A big reason behind RSS’s wide adoption is its simplicity, but the ambiguity of the RSS 2.0 spec has also led to problems. Case in point: the RSS 2.0 spec states that “entity-encoded HTML is allowed” in the <description> element, which has caused more than a little confusion about how to properly encode < and >. For example, if a feed does not use entity-encoded HTML, how should < and > be encoded so that they’re not interpreted as HTML tag brackets by aggregators such as FeedDemon?
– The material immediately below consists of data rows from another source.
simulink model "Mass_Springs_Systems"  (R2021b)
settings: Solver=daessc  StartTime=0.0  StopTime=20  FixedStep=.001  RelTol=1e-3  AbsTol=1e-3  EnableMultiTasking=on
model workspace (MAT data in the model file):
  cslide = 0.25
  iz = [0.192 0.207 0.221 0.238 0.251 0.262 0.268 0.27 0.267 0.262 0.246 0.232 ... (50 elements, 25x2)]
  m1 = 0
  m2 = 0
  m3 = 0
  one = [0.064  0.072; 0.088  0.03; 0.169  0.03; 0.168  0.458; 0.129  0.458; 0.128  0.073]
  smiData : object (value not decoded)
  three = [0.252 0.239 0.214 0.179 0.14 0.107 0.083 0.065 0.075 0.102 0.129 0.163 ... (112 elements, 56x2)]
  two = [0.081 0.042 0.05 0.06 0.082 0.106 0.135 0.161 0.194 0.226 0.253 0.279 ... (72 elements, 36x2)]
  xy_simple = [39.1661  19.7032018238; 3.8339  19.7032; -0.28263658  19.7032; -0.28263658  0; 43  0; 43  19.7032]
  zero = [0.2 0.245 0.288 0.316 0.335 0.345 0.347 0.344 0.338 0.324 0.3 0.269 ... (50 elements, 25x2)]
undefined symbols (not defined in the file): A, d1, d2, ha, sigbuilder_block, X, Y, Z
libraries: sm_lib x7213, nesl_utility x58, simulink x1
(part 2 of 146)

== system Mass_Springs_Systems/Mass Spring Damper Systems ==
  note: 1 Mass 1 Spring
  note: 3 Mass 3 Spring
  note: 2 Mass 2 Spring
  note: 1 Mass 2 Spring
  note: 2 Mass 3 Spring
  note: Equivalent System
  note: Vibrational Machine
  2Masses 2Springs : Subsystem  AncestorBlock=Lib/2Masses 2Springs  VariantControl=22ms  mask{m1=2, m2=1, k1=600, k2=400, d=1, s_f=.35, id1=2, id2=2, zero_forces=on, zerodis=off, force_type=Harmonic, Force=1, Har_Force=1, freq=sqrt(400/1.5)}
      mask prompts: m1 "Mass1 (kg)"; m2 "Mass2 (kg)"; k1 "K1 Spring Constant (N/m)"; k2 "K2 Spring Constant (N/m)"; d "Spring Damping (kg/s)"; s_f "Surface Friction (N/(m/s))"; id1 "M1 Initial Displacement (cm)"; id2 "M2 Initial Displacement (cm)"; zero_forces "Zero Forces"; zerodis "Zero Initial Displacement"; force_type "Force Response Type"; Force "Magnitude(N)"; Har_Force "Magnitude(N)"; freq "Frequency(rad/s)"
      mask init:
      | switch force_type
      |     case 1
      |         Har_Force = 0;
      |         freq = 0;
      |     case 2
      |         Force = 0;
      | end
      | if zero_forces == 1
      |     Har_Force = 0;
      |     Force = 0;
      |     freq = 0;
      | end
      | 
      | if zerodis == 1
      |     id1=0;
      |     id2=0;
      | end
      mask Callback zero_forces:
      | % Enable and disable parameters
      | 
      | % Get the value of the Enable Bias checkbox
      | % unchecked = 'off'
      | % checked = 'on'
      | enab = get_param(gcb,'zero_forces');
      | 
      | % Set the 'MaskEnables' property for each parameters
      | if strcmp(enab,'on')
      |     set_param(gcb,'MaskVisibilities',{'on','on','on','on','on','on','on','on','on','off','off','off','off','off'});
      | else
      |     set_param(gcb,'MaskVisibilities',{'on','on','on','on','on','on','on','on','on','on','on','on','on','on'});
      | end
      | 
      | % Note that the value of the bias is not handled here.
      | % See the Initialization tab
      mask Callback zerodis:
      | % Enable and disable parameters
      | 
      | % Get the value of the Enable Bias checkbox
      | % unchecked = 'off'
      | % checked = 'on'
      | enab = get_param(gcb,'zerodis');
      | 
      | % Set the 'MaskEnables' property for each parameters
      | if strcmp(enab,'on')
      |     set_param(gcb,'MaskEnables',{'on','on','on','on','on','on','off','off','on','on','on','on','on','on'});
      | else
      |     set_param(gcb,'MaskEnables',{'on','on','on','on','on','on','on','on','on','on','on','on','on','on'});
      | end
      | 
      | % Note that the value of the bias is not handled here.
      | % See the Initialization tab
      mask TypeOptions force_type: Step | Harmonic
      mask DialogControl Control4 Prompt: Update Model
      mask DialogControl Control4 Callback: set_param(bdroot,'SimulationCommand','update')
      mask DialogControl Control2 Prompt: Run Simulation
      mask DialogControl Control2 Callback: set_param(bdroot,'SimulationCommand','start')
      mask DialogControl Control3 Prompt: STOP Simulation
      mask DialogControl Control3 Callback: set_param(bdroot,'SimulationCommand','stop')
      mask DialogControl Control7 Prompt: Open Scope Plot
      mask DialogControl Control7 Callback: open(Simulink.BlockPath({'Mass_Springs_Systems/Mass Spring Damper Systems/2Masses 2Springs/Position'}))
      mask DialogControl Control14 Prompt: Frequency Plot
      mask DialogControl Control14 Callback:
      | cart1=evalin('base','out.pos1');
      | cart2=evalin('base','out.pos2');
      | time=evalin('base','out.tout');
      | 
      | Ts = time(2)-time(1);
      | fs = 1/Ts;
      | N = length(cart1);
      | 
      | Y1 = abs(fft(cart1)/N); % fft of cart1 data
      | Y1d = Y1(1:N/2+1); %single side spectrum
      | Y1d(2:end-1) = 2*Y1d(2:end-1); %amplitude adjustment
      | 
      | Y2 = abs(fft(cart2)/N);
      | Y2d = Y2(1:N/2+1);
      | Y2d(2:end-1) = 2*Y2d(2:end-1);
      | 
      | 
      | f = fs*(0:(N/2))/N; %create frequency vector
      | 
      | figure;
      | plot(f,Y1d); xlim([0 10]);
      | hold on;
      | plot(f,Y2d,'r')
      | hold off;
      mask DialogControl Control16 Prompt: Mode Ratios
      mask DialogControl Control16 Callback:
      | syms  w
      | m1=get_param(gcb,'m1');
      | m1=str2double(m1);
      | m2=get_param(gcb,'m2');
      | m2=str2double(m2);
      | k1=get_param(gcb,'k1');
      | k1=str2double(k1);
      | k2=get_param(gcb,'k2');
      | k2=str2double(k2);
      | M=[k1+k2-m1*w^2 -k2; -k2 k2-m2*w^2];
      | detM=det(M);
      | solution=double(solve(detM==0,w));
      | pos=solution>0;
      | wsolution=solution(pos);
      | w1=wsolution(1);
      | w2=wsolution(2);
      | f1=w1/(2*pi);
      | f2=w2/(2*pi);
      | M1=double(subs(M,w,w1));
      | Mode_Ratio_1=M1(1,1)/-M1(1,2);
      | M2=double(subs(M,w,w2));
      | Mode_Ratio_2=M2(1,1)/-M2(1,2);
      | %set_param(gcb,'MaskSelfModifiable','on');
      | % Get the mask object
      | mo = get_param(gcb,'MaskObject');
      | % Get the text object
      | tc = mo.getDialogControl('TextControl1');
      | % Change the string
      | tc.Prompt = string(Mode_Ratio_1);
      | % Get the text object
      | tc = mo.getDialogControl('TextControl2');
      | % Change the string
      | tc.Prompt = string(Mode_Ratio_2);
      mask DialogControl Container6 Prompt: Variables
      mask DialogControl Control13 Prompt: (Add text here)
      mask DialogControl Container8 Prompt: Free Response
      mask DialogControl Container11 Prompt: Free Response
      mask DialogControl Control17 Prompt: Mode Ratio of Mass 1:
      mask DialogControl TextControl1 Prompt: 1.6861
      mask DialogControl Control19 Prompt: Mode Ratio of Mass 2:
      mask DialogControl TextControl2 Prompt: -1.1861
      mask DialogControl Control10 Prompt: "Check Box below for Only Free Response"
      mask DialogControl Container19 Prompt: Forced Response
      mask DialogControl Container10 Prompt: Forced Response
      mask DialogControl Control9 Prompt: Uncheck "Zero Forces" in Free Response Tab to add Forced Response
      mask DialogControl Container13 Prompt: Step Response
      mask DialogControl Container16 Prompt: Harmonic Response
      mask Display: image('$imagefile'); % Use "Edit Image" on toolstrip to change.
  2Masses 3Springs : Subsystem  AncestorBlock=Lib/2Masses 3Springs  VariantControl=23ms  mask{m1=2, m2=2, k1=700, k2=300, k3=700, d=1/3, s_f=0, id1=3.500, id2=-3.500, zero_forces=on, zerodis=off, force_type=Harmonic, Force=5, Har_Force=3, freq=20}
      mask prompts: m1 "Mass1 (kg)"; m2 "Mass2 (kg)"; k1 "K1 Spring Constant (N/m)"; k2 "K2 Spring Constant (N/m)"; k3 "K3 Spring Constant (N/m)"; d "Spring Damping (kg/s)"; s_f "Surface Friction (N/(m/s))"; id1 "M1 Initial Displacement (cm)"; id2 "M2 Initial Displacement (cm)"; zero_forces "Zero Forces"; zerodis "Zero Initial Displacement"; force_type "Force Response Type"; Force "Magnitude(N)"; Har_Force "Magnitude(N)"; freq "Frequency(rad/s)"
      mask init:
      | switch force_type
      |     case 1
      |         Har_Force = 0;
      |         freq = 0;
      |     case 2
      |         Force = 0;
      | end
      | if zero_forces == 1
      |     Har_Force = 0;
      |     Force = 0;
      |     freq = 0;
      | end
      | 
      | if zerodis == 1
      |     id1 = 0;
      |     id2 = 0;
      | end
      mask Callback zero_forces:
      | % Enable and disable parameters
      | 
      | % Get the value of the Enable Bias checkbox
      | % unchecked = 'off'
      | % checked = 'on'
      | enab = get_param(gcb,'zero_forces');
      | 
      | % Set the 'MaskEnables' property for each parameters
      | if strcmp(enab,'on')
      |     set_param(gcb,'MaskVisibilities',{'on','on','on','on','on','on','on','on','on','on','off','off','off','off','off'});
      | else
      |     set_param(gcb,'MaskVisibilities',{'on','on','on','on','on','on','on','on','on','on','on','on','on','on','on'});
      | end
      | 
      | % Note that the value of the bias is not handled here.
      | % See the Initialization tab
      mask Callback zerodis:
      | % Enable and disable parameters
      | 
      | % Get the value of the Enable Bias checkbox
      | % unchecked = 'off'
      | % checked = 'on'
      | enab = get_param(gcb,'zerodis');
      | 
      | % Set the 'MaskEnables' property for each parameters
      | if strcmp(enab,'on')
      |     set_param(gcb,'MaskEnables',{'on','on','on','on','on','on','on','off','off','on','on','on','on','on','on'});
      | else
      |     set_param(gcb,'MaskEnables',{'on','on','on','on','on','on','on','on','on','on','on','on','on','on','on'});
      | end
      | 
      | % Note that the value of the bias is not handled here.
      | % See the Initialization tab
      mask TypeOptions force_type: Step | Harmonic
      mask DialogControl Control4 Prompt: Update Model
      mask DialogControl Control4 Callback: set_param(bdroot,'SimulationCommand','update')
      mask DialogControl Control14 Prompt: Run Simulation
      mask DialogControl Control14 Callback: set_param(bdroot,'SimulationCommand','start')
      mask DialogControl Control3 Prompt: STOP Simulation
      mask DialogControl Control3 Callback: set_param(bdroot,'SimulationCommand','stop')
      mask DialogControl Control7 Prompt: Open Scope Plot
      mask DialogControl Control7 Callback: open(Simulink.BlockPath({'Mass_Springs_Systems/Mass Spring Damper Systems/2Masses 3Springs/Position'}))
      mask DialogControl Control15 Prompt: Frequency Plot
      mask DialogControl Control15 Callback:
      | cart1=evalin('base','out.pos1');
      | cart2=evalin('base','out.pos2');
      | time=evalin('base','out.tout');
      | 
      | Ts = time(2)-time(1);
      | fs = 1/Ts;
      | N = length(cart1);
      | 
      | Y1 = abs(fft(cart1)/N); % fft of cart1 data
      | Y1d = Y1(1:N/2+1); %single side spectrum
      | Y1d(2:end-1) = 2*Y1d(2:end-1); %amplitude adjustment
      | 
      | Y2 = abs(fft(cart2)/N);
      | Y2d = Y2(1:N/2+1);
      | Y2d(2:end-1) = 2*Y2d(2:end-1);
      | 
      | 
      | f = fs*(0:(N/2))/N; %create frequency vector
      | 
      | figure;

And if a feed does contain HTML, how should the tag brackets be encoded so an aggregator knows to treat it like HTML? As you can imagine, this ambiguity has led to more than a little hair loss by developers of aggregators who have had to deal with countless badly-encoded feeds.
This issue has come to the surface again due to concerns about silent data loss, resulting in lengthy comment threads (see here and here) featuring the usual suspects.
Behind the scenes, a number of aggregator developers bounced around ideas for a solving this once and for all, and I’m happy to report that this has resulted in a proposed clarification for the RSS 2.0 spec. The proposed clarification states very clearly that “<description> contains entity-encoded HTML.”
Of course, this won’t magically fix every badly-encoded RSS feed, but it does resolve the ambiguity of the existing spec. It’s hoped that this will lead to less guesswork down the road, especially since the proposal comes with a set of examples for properly encoding descriptions.